The adenosine triphosphatase-inhibitor content of bovine heart submitochondrial particles. Influence of the inhibitor on adenosine triphosphate-dependent reactions

Abstract

1. The activity of the ATPase (adenosine triphosphatase) of phosphorylating particles prepared by sonication of bovine heart mitochondria in the presence of MgCl2 and ATP is influenced by the isolation method for the mitochondria used in the preparation of particles. Type-I particles, made from mitochondria isolated in a medium lacking succinate, have a lower ATPase activity than to Type-II particles, which are prepared from mitochondria isolated in a medium containing succinate. 2. Centrifugation under appropriate energized conditions increases the ATPase activity of Type-I particles almost to that of the Type-II particles. The ATPase activity of Type-II particles was only slightly stimulated by this procedure.
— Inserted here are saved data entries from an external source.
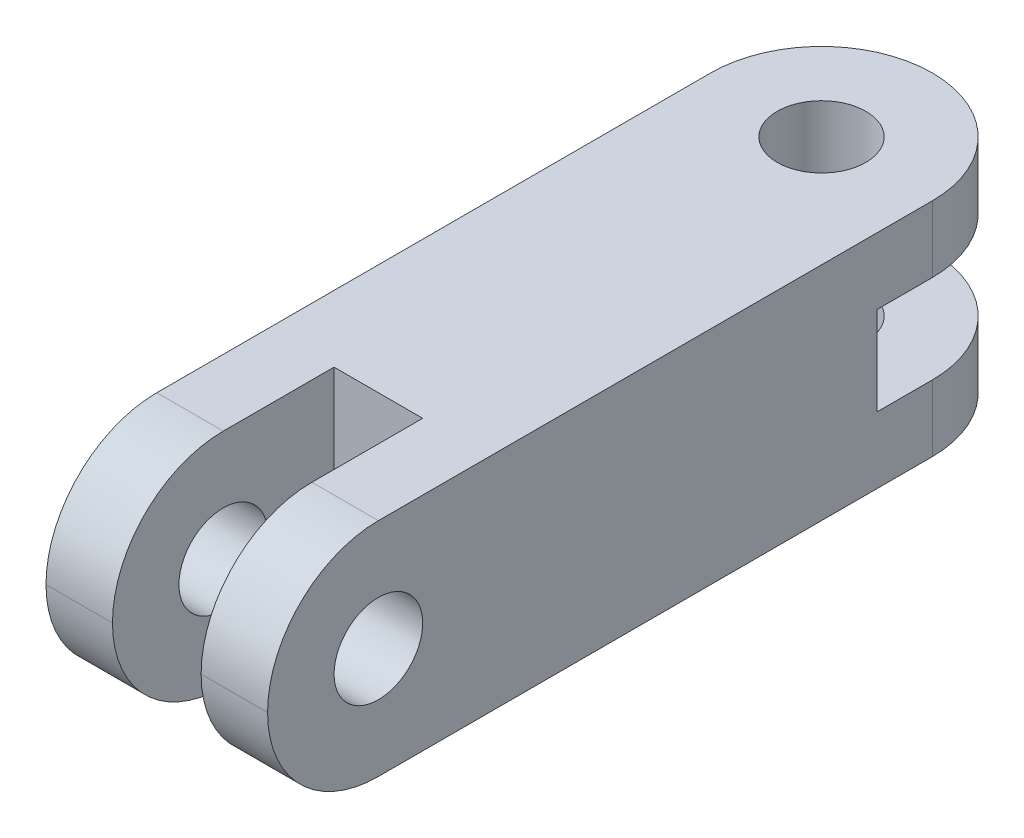
ISO-10303-21;
HEADER;
FILE_DESCRIPTION(('STEP AP214'),'2;1');
FILE_NAME('part.step','',(''),(''),'','','');
FILE_SCHEMA(('AUTOMOTIVE_DESIGN { 1 0 10303 214 1 1 1 1 }'));
ENDSEC;
DATA;
#1=APPLICATION_CONTEXT('core data for automotive mechanical design processes');
#2=APPLICATION_PROTOCOL_DEFINITION('international standard','automotive_design',2000,#1);
#3=PRODUCT_CONTEXT('',#1,'mechanical');
#4=PRODUCT('Part','Part','',(#3));
#5=PRODUCT_RELATED_PRODUCT_CATEGORY('part','',(#4));
#6=PRODUCT_DEFINITION_FORMATION('','',#4);
#7=PRODUCT_DEFINITION_CONTEXT('part definition',#1,'design');
#8=PRODUCT_DEFINITION('design','',#6,#7);
#9=PRODUCT_DEFINITION_SHAPE('','',#8);
#10=(LENGTH_UNIT() NAMED_UNIT(*) SI_UNIT(.MILLI.,.METRE.));
#11=(NAMED_UNIT(*) PLANE_ANGLE_UNIT() SI_UNIT($,.RADIAN.));
#12=(NAMED_UNIT(*) SI_UNIT($,.STERADIAN.) SOLID_ANGLE_UNIT());
#13=UNCERTAINTY_MEASURE_WITH_UNIT(LENGTH_MEASURE(1.E-05),#10,'distance_accuracy_value','');
#14=(GEOMETRIC_REPRESENTATION_CONTEXT(3) GLOBAL_UNCERTAINTY_ASSIGNED_CONTEXT((#13)) GLOBAL_UNIT_ASSIGNED_CONTEXT((#10,
#11,#12)) REPRESENTATION_CONTEXT('',''));
#15=CARTESIAN_POINT('',(0.,0.,0.));
#16=DIRECTION('',(0.,0.,1.));
#17=DIRECTION('',(1.,0.,0.));
#18=AXIS2_PLACEMENT_3D('',#15,#16,#17);
#19=CARTESIAN_POINT('',(25.,0.,0.));
#20=DIRECTION('',(1.,0.,0.));
#21=DIRECTION('',(0.,0.,-1.));
#22=AXIS2_PLACEMENT_3D('',#19,#20,#21);
#23=PLANE('',#22);
#24=DIRECTION('',(0.,0.,1.));
#25=VECTOR('',#24,1.);
#26=CARTESIAN_POINT('',(25.,10.,0.));
#27=LINE('',#26,#25);
#28=CARTESIAN_POINT('',(25.,10.,-62.5));
#29=VERTEX_POINT('',#28);
#30=CARTESIAN_POINT('',(25.,10.,-50.));
#31=VERTEX_POINT('',#30);
#32=EDGE_CURVE('E248',#29,#31,#27,.T.);
#33=ORIENTED_EDGE('',*,*,#32,.F.);
#34=DIRECTION('',(0.,1.,0.));
#35=VECTOR('',#34,1.);
#36=CARTESIAN_POINT('',(25.,0.,-62.5));
#37=LINE('',#36,#35);
#38=CARTESIAN_POINT('',(25.,25.,-62.5));
#39=VERTEX_POINT('',#38);
#40=EDGE_CURVE('E257',#29,#39,#37,.T.);
#41=ORIENTED_EDGE('',*,*,#40,.T.);
#42=DIRECTION('',(0.,0.,1.));
#43=VECTOR('',#42,1.);
#44=CARTESIAN_POINT('',(25.,25.,-87.5));
#45=LINE('',#44,#43);
#46=CARTESIAN_POINT('',(25.,25.,62.5));
#47=VERTEX_POINT('',#46);
#48=EDGE_CURVE('E210',#39,#47,#45,.T.);
#49=ORIENTED_EDGE('',*,*,#48,.T.);
#50=CARTESIAN_POINT('',(25.,0.,62.5));
#51=DIRECTION('',(1.,0.,0.));
#52=DIRECTION('',(0.,0.,-1.));
#53=AXIS2_PLACEMENT_3D('',#50,#51,#52);
#54=CIRCLE('',#53,25.);
#55=CARTESIAN_POINT('',(25.,0.,87.5));
#56=VERTEX_POINT('',#55);
#57=EDGE_CURVE('E238',#47,#56,#54,.T.);
#58=ORIENTED_EDGE('',*,*,#57,.T.);
#59=CARTESIAN_POINT('',(25.,0.,62.5));
#60=DIRECTION('',(1.,0.,0.));
#61=DIRECTION('',(0.,0.,-1.));
#62=AXIS2_PLACEMENT_3D('',#59,#60,#61);
#63=CIRCLE('',#62,25.);
#64=CARTESIAN_POINT('',(25.,-25.,62.5));
#65=VERTEX_POINT('',#64);
#66=EDGE_CURVE('E236',#56,#65,#63,.T.);
#67=ORIENTED_EDGE('',*,*,#66,.T.);
#68=DIRECTION('',(0.,0.,-1.));
#69=VECTOR('',#68,1.);
#70=CARTESIAN_POINT('',(25.,-25.,87.5));
#71=LINE('',#70,#69);
#72=CARTESIAN_POINT('',(25.,-25.,-62.5));
#73=VERTEX_POINT('',#72);
#74=EDGE_CURVE('E214',#65,#73,#71,.T.);
#75=ORIENTED_EDGE('',*,*,#74,.T.);
#76=DIRECTION('',(0.,1.,0.));
#77=VECTOR('',#76,1.);
#78=CARTESIAN_POINT('',(25.,0.,-62.5));
#79=LINE('',#78,#77);
#80=CARTESIAN_POINT('',(25.,-10.,-62.5));
#81=VERTEX_POINT('',#80);
#82=EDGE_CURVE('E254',#73,#81,#79,.T.);
#83=ORIENTED_EDGE('',*,*,#82,.T.);
#84=DIRECTION('',(0.,0.,-1.));
#85=VECTOR('',#84,1.);
#86=CARTESIAN_POINT('',(25.,-10.,-50.));
#87=LINE('',#86,#85);
#88=CARTESIAN_POINT('',(25.,-10.,-50.));
#89=VERTEX_POINT('',#88);
#90=EDGE_CURVE('E178',#89,#81,#87,.T.);
#91=ORIENTED_EDGE('',*,*,#90,.F.);
#92=DIRECTION('',(0.,-1.,0.));
#93=VECTOR('',#92,1.);
#94=CARTESIAN_POINT('',(25.,10.,-50.));
#95=LINE('',#94,#93);
#96=EDGE_CURVE('E163',#31,#89,#95,.T.);
#97=ORIENTED_EDGE('',*,*,#96,.F.);
#98=EDGE_LOOP('',(#33,#41,#49,#58,#67,#75,#83,#91,#97));
#99=FACE_BOUND('',#98,.T.);
#100=CARTESIAN_POINT('',(25.,0.,62.5));
#101=DIRECTION('',(-1.,0.,0.));
#102=DIRECTION('',(0.,0.,1.));
#103=AXIS2_PLACEMENT_3D('',#100,#101,#102);
#104=CIRCLE('',#103,10.);
#105=CARTESIAN_POINT('',(25.,0.,72.5));
#106=VERTEX_POINT('',#105);
#107=EDGE_CURVE('E297',#106,#106,#104,.T.);
#108=ORIENTED_EDGE('',*,*,#107,.T.);
#109=EDGE_LOOP('',(#108));
#110=FACE_BOUND('',#109,.T.);
#111=ADVANCED_FACE('F41',(#99,#110),#23,.T.);
#112=CARTESIAN_POINT('',(-25.,25.,-87.5));
#113=DIRECTION('',(0.,1.,0.));
#114=DIRECTION('',(0.,0.,1.));
#115=AXIS2_PLACEMENT_3D('',#112,#113,#114);
#116=PLANE('',#115);
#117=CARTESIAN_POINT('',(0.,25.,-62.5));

These data are interpreted as indicating a higher content of the ATPase-inhibitor protein in the Type-I particles. 3. A comparison was made of the ATP-driven enhancement of 8-anilinonaphthalene-1-sulphonate fluorescence and the exchange of the endogenous tightly bound nucleotides of the ATPase in Type-I and Type-II particles. The effect of exogenous inhibitor protein on both these reactions was also studied. 4. The time-scale on which the inhibitor protein can exchange between ATPase molecules is discussed.